Modification of the kinetic properties of Triton-solubilized rabbit brain acetylcholinesterase by allosteric effectors at low ionic strength

Abstract

Gallamine and tubocurarine increased the rate of decarbamylation of carbamylated Triton-solubilized rabbit brain acetylcholinesterase and interacted synergistically with 3,3-dimethyl-1-butanol in the acceleration of decarbamylation at low ionic strength. Gallamine and tubocurarine also accelerated decarbamylation at a physiological ionic strength, but in this case the interaction with 3,3-dimethyl-1-butanol was not synergistic. Tubocurarine decreased the rate of ageing of isopropylmethyl-phosphonyl-acetylcholinesterase at low ionic strength, but gallamine and tubocurarine had no effect on ageing at a physiological ionic strength, nor did gallamine at low ionic strength.
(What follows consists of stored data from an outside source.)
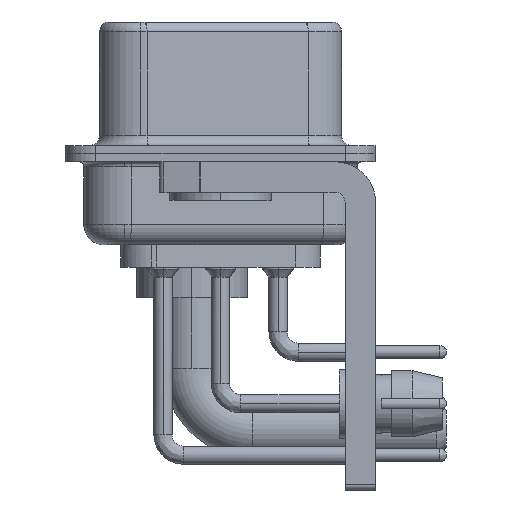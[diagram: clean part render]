
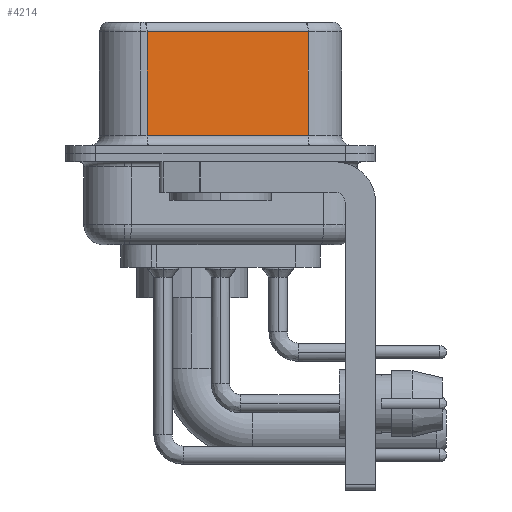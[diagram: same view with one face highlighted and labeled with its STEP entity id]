
A CAD part, left-side view. The second image highlights one B-rep face of the part: STEP entity #4214.
In plain terms, the highlighted planar face has unit normal (-0.985, -0.174, 0).
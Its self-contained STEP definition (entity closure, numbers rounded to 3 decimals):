
#409 = ORIENTED_EDGE ( 'NONE', *, *, #37450, .T. ) ;
#2017 = ORIENTED_EDGE ( 'NONE', *, *, #14893, .F. ) ;
#2711 = EDGE_CURVE ( 'NONE', #5623, #26051, #30808, .T. ) ;
#3169 = LINE ( 'NONE', #24091, #4036 ) ;
#3340 = PLANE ( 'NONE',  #10515 ) ;
#4036 = VECTOR ( 'NONE', #36017, 1000. ) ;
#4214 = ADVANCED_FACE ( 'NONE', ( #29568 ), #3340, .F. ) ;
#4511 = CARTESIAN_POINT ( 'NONE',  ( 3.73, 3.628, 0.9 ) ) ;
#5395 = DIRECTION ( 'NONE',  ( -0.174, 0.985, 0. ) ) ;
#5623 = VERTEX_POINT ( 'NONE', #4511 ) ;
#9226 = DIRECTION ( 'NONE',  ( 0.985, 0.174, 0. ) ) ;
#9363 = LINE ( 'NONE', #18542, #17966 ) ;
#10515 = AXIS2_PLACEMENT_3D ( 'NONE', #14506, #9226, #11783 ) ;
#11783 = DIRECTION ( 'NONE',  ( -0.174, 0.985, 0. ) ) ;
#14506 = CARTESIAN_POINT ( 'NONE',  ( 5.132, -4.322, 6.52 ) ) ;
#14893 = EDGE_CURVE ( 'NONE', #33765, #26051, #9363, .T. ) ;
#16277 = ORIENTED_EDGE ( 'NONE', *, *, #2711, .T. ) ;
#17966 = VECTOR ( 'NONE', #30283, 1000. ) ;
#18542 = CARTESIAN_POINT ( 'NONE',  ( 5.132, -4.322, 6.52 ) ) ;
#19301 = ORIENTED_EDGE ( 'NONE', *, *, #28585, .T. ) ;
#20236 = LINE ( 'NONE', #35105, #33756 ) ;
#21465 = CARTESIAN_POINT ( 'NONE',  ( 3.73, 3.628, 6.02 ) ) ;
#24091 = CARTESIAN_POINT ( 'NONE',  ( 3.73, 3.628, 6.52 ) ) ;
#26051 = VERTEX_POINT ( 'NONE', #33066 ) ;
#26568 = VERTEX_POINT ( 'NONE', #21465 ) ;
#28585 = EDGE_CURVE ( 'NONE', #26568, #5623, #3169, .T. ) ;
#29568 = FACE_OUTER_BOUND ( 'NONE', #31493, .T. ) ;
#29708 = DIRECTION ( 'NONE',  ( 0.174, -0.985, 0. ) ) ;
#30283 = DIRECTION ( 'NONE',  ( 0., 0., -1. ) ) ;
#30808 = LINE ( 'NONE', #35583, #33503 ) ;
#31460 = CARTESIAN_POINT ( 'NONE',  ( 5.132, -4.322, 6.02 ) ) ;
#31493 = EDGE_LOOP ( 'NONE', ( #2017, #409, #19301, #16277 ) ) ;
#33066 = CARTESIAN_POINT ( 'NONE',  ( 5.132, -4.322, 0.9 ) ) ;
#33503 = VECTOR ( 'NONE', #29708, 1000. ) ;
#33756 = VECTOR ( 'NONE', #5395, 1000. ) ;
#33765 = VERTEX_POINT ( 'NONE', #31460 ) ;
#35105 = CARTESIAN_POINT ( 'NONE',  ( 5.132, -4.322, 6.02 ) ) ;
#35583 = CARTESIAN_POINT ( 'NONE',  ( 5.132, -4.322, 0.9 ) ) ;
#36017 = DIRECTION ( 'NONE',  ( 0., 0., -1. ) ) ;
#37450 = EDGE_CURVE ( 'NONE', #33765, #26568, #20236, .T. ) ;

However reductions in the rate of ageing were observed for gallamine/3,3-dimethyl-1-butanol and tubocurarine/3,3-dimethyl-1-butanol mixtures at low ionic strength. Gallamine increased the maximum velocity of hydrolysis of acetylthiocholine at low ionic strength, but not at physiological ionic strength. Gallamine increased the rate of carbamylation of acetylcholinesterase by physostigmine and neostigmine at low ionic strength; however the data were not consistent with a simple model of complexing inhibition by these carbamates. Overall, the kinetic properties of Triton-solubilized rabbit brain acetylcholinesterase were less sensitive to modification by proposed allosteric effectors than bovine erythrocyte acetylcholinesterase, the allosteric properties of which have been reported previously, and millimolar concentrations of gallamine and tubocurarine were required to produce observable effects at physiological ionic strength. Further experiments are required to determine whether acetylcholinesterase is similarly insensitive to allosteric regulation in vivo.